May I ask which HIPS you have tested? Perhaps you can test Neoava Guard? It´s able to detect changes to drivers, but I´m not sure if this is enough. It can also protect files/folders from being modified, I wonder what would happen if I protect the "C:\WINDOWS\system32\drivers" folder, I´m not sure if this is a good idea?

[alfa1]

Quote:

Originally Posted by fcukdat

...The reason i ask is that particular malware code dose'nt unhook the SSDT table(ala Bifrose) it completetly replaces it and all the few HIPS i have tested todate have all been borked once the code has been granted execution

Hi, fcukdat!

Do you check this sample against ProSecurity?



PS:
ciao, EraserHW

[fcukdat]

Apologies folks that want their HIBS tested but unfortunely that take a bit too much of my time currently to install,configure and test to a set standard.It is party season y'know

Processguard&SSM free were whacked but they are the only 2 HIPS i have in my toolbox....

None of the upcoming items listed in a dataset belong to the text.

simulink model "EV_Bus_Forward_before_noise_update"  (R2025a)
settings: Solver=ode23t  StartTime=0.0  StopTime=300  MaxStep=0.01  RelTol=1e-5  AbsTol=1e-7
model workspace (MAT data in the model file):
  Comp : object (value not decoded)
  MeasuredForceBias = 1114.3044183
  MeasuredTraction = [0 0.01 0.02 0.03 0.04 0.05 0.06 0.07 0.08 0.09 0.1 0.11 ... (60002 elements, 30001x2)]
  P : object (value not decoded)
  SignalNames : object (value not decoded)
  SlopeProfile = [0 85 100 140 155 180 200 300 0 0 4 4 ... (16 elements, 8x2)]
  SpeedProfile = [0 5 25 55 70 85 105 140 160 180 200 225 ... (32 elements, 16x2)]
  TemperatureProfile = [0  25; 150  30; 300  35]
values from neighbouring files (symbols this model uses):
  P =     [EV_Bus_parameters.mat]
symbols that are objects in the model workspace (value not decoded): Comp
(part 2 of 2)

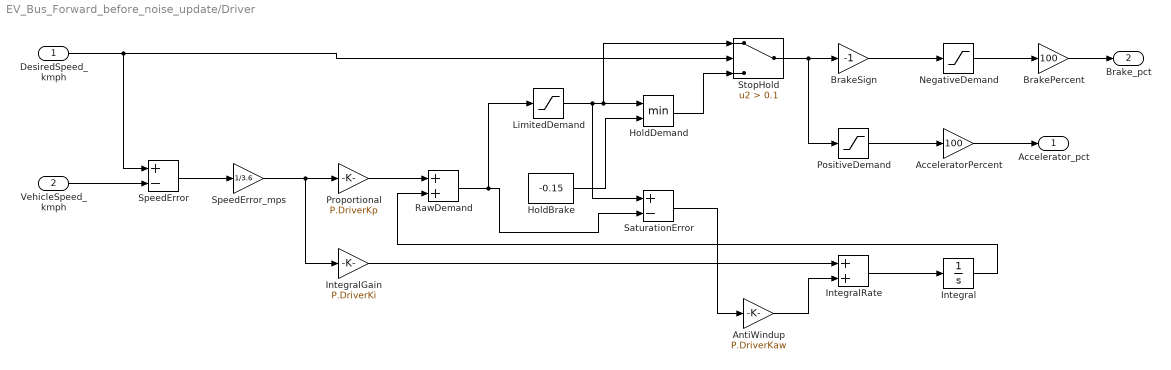
== system EV_Bus_Forward_before_noise_update/Driver ==
  DesiredSpeed_kmph : Inport
  VehicleSpeed_kmph : Inport  Port=2
  AcceleratorPercent : Gain  Gain=100
  AntiWindup : Gain  Gain=P.DriverKaw
  BrakePercent : Gain  Gain=100
  BrakeSign : Gain  Gain=-1
  HoldBrake : Constant  Value=-0.15
  HoldDemand : MinMax  Inputs=2
  Integral : Integrator  LimitOutput=on  UpperSaturationLimit=0.6  LowerSaturationLimit=-0.6
  IntegralGain : Gain  Gain=P.DriverKi
  IntegralRate : Sum
  LimitedDemand : Saturate  UpperLimit=1  LowerLimit=-1
  NegativeDemand : Saturate  UpperLimit=1  LowerLimit=0
  PositiveDemand : Saturate  UpperLimit=1  LowerLimit=0
  Proportional : Gain  Gain=P.DriverKp
  RawDemand : Sum
  SaturationError : Sum  Inputs=+-
  SpeedError : Sum  Inputs=+-
  SpeedError_mps : Gain  Gain=1/3.6
  StopHold : Switch  Criteria=u2 > Threshold  Threshold=0.1  SaturateOnIntegerOverflow=off  InputSameDT=off
  Accelerator_pct : Outport
  Brake_pct : Outport  Port=2
  wires:
  BrakePercent/1 -> Brake_pct/1
  NegativeDemand/1 -> BrakePercent/1
  BrakeSign/1 -> NegativeDemand/1
  AcceleratorPercent/1 -> Accelerator_pct/1
  PositiveDemand/1 -> AcceleratorPercent/1
  StopHold/1 -> PositiveDemand/1, BrakeSign/1
  HoldDemand/1 -> StopHold/3
  HoldBrake/1 -> HoldDemand/2
  IntegralRate/1 -> Integral/1
  AntiWindup/1 -> IntegralRate/2
  IntegralGain/1 -> IntegralRate/1
  SaturationError/1 -> AntiWindup/1
  LimitedDemand/1 -> HoldDemand/1, StopHold/1, SaturationError/1
  RawDemand/1 -> LimitedDemand/1, SaturationError/2
  Integral/1 -> RawDemand/2
  Proportional/1 -> RawDemand/1
  SpeedError_mps/1 -> Proportional/1, IntegralGain/1
  SpeedError/1 -> SpeedError_mps/1
  VehicleSpeed_kmph/1 -> SpeedError/2
  DesiredSpeed_kmph/1 -> SpeedError/1, StopHold/2

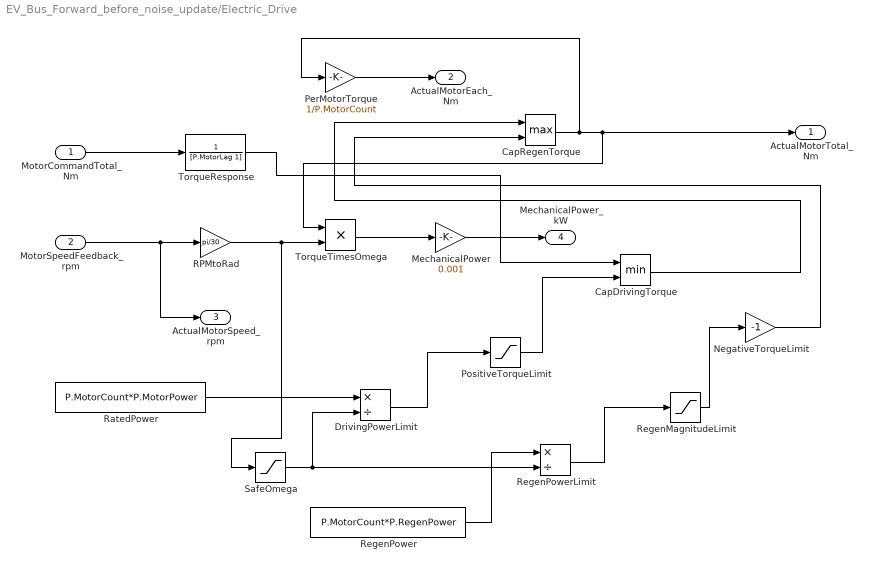
== system EV_Bus_Forward_before_noise_update/Electric_Drive ==
  MotorCommandTotal_Nm : Inport
  MotorSpeedFeedback_rpm : Inport  Port=2
  CapDrivingTorque : MinMax  Inputs=2
  CapRegenTorque : MinMax  Function=max  Inputs=2
  DrivingPowerLimit : Product  Inputs=*/
  MechanicalPower : Gain  Gain=0.001
  NegativeTorqueLimit : Gain  Gain=-1
  PerMotorTorque : Gain  Gain=1/P.MotorCount
  PositiveTorqueLimit : Saturate  UpperLimit=P.MotorCount*P.MotorPeakTorque  LowerLimit=0
  RPMtoRad : Gain  Gain=pi/30
  RatedPower : Constant  Value=P.MotorCount*P.MotorPower
  RegenMagnitudeLimit : Saturate  UpperLimit=P.MotorCount*P.RegenPeakTorque  LowerLimit=0
  RegenPower : Constant  Value=P.MotorCount*P.RegenPower
  RegenPowerLimit : Product  Inputs=*/
  SafeOmega : Saturate  UpperLimit=inf  LowerLimit=1
  TorqueResponse : TransferFcn  Denominator=[P.MotorLag 1]
  TorqueTimesOmega : Product  Inputs=**
  ActualMotorTotal_Nm : Outport
  ActualMotorEach_Nm : Outport  Port=2
  ActualMotorSpeed_rpm : Outport  Port=3
  MechanicalPower_kW : Outport  Port=4
  wires:
  MechanicalPower/1 -> MechanicalPower_kW/1
  TorqueTimesOmega/1 -> MechanicalPower/1
  MotorSpeedFeedback_rpm/1 -> ActualMotorSpeed_rpm/1, RPMtoRad/1
  PerMotorTorque/1 -> ActualMotorEach_Nm/1
  MotorCommandTotal_Nm/1 -> TorqueResponse/1
  CapRegenTorque/1 -> TorqueTimesOmega/1, ActualMotorTotal_Nm/1, PerMotorTorque/1
  NegativeTorqueLimit/1 -> CapRegenTorque/2
  CapDrivingTorque/1 -> CapRegenTorque/1
  PositiveTorqueLimit/1 -> CapDrivingTorque/2
  RegenMagnitudeLimit/1 -> NegativeTorqueLimit/1
  RegenPowerLimit/1 -> RegenMagnitudeLimit/1
  RegenPower/1 -> RegenPowerLimit/1
  DrivingPowerLimit/1 -> PositiveTorqueLimit/1
  SafeOmega/1 -> RegenPowerLimit/2, DrivingPowerLimit/2
  RatedPower/1 -> DrivingPowerLimit/1
  TorqueResponse/1 -> CapDrivingTorque/1
  RPMtoRad/1 -> SafeOmega/1, TorqueTimesOmega/2

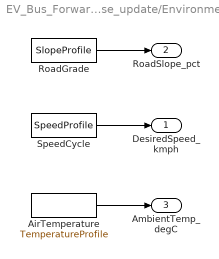
== system EV_Bus_Forward_before_noise_update/Environment ==
  AirTemperature : FromWorkspace  VariableName=TemperatureProfile
  RoadGrade : FromWorkspace  VariableName=SlopeProfile
  SpeedCycle : FromWorkspace  VariableName=SpeedProfile
  DesiredSpeed_kmph : Outport
  RoadSlope_pct : Outport  Port=2
  AmbientTemp_degC : Outport  Port=3
  wires:
  AirTemperature/1 -> AmbientTemp_degC/1
  RoadGrade/1 -> RoadSlope_pct/1
  SpeedCycle/1 -> DesiredSpeed_kmph/1

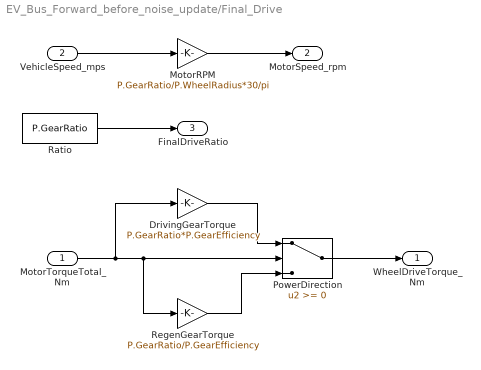
== system EV_Bus_Forward_before_noise_update/Final_Drive ==
  MotorTorqueTotal_Nm : Inport
  VehicleSpeed_mps : Inport  Port=2
  DrivingGearTorque : Gain  Gain=P.GearRatio*P.GearEfficiency
  MotorRPM : Gain  Gain=P.GearRatio/P.WheelRadius*30/pi
  PowerDirection : Switch  SaturateOnIntegerOverflow=off  InputSameDT=off
  Ratio : Constant  Value=P.GearRatio
  RegenGearTorque : Gain  Gain=P.GearRatio/P.GearEfficiency
  WheelDriveTorque_Nm : Outport
  MotorSpeed_rpm : Outport  Port=2
  FinalDriveRatio : Outport  Port=3
  wires:
  Ratio/1 -> FinalDriveRatio/1
  MotorRPM/1 -> MotorSpeed_rpm/1
  VehicleSpeed_mps/1 -> MotorRPM/1
  PowerDirection/1 -> WheelDriveTorque_Nm/1
  RegenGearTorque/1 -> PowerDirection/3
  DrivingGearTorque/1 -> PowerDirection/1
  MotorTorqueTotal_Nm/1 -> PowerDirection/2, RegenGearTorque/1, DrivingGearTorque/1

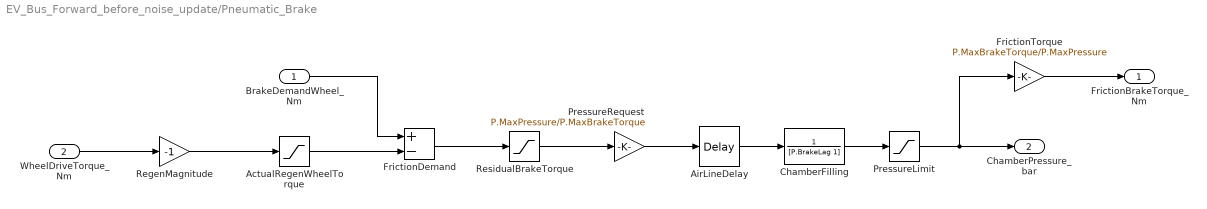
== system EV_Bus_Forward_before_noise_update/Pneumatic_Brake ==
  BrakeDemandWheel_Nm : Inport
  WheelDriveTorque_Nm : Inport  Port=2
  ActualRegenWheelTorque : Saturate  UpperLimit=inf  LowerLimit=0
  AirLineDelay : TransportDelay  DelayTime=P.BrakeDelay
  ChamberFilling : TransferFcn  Denominator=[P.BrakeLag 1]
  FrictionDemand : Sum  Inputs=+-
  FrictionTorque : Gain  Gain=P.MaxBrakeTorque/P.MaxPressure
  PressureLimit : Saturate  UpperLimit=P.MaxPressure  LowerLimit=0
  PressureRequest : Gain  Gain=P.MaxPressure/P.MaxBrakeTorque
  RegenMagnitude : Gain  Gain=-1
  ResidualBrakeTorque : Saturate  UpperLimit=P.MaxBrakeTorque  LowerLimit=0
  FrictionBrakeTorque_Nm : Outport
  ChamberPressure_bar : Outport  Port=2
  wires:
  FrictionTorque/1 -> FrictionBrakeTorque_Nm/1
  PressureLimit/1 -> ChamberPressure_bar/1, FrictionTorque/1
  ChamberFilling/1 -> PressureLimit/1
  AirLineDelay/1 -> ChamberFilling/1
  PressureRequest/1 -> AirLineDelay/1
  ResidualBrakeTorque/1 -> PressureRequest/1
  FrictionDemand/1 -> ResidualBrakeTorque/1
  ActualRegenWheelTorque/1 -> FrictionDemand/2
  BrakeDemandWheel_Nm/1 -> FrictionDemand/1
  RegenMagnitude/1 -> ActualRegenWheelTorque/1
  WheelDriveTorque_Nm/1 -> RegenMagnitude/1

IF any of you are of the level that could deal with the raw malware infection once live then PM me a request and i will hook you up with a dropper for RT3 Cutwail/Bulknet

[Ilya Rabinovich]

Quote:

Originally Posted by fcukdat

all the few HIPS i have tested todate have all been borked once the code has been granted execution

Just tested with the latest pre-2.10 version of my HIPS- had no problems with this piece of malware. I assume, you should check out other HIPS solutions as well as some will be able to stop it to death.

[fcukdat]

Quote:

Originally Posted by Ilya Rabinovich

Just tested with the latest pre-2.10 version of my HIPS- had no problems with this piece of malware. I assume, you should check out other HIPS solutions as well as some will be able to stop it to death.

Thanks Ilya,

I use my HIBS(PG principally) for slowing down and controlling an infection as it goes native on my victim(harvesting)enviroment so i still want the infection to run its cycle to an end result

I'm curious after execution permission was granted to eCard.scr how your HIBS prevented the SSDT table from being replaced?

TIA

NB The malcode being referred too is not *storm* worm RK payload but Runtime3(deployed by eCard.scr)

[aigle]

Quote:

Originally Posted by fcukdat

How dose PDM react to Runtime3(Most recent Cutwail/Bulknet evo) if the file is unknown to the KASP target database.
The reason i ask is that particular malware code dose'nt unhook the SSDT table(ala Bifrose) it completetly replaces it and all the few HIPS i have tested todate have all been borked once the code has been granted execution

Very interesting. fcukdat! can u tel us something more about this malware. How does sandboxes stand against it? Can it be tried in a VM or Shadow products safely?

Thanks

[fcukdat]

Quote:

Originally Posted by aigle

Very interesting. fcukdat! can u tel us something more about this malware. How does sandboxes stand against it? Can it be tried in a VM or Shadow products safely?

Thanks

Unfortunetly not too much aigle,
I have not tested against sandbox's,VM or others as i use none of these during the course of malware harvesting

The initial .scr(executable) deploys Cutwail/Bulknet Rootkit but if the infected machine has access to the net it will import *others*.Attached is an Inctrl5 report of install today.....please note it imported (hidden from WinAPI)Ntos.exe which is a password stealer hence why a lot of cookies got nuked!

[nick s]

Hi fcukdat,

Thanks for the sample. Regarding ProSecurity 1.40, the bad news is that when eCard is allowed to execute it does indeed replace the SSDT table without any alerts. RkU 3.7.300.509, RootKit Hook Analyzer 3.02, and errors in XP's system log confirm this. ProSecurity's tray icon looks normal but its protection is gone.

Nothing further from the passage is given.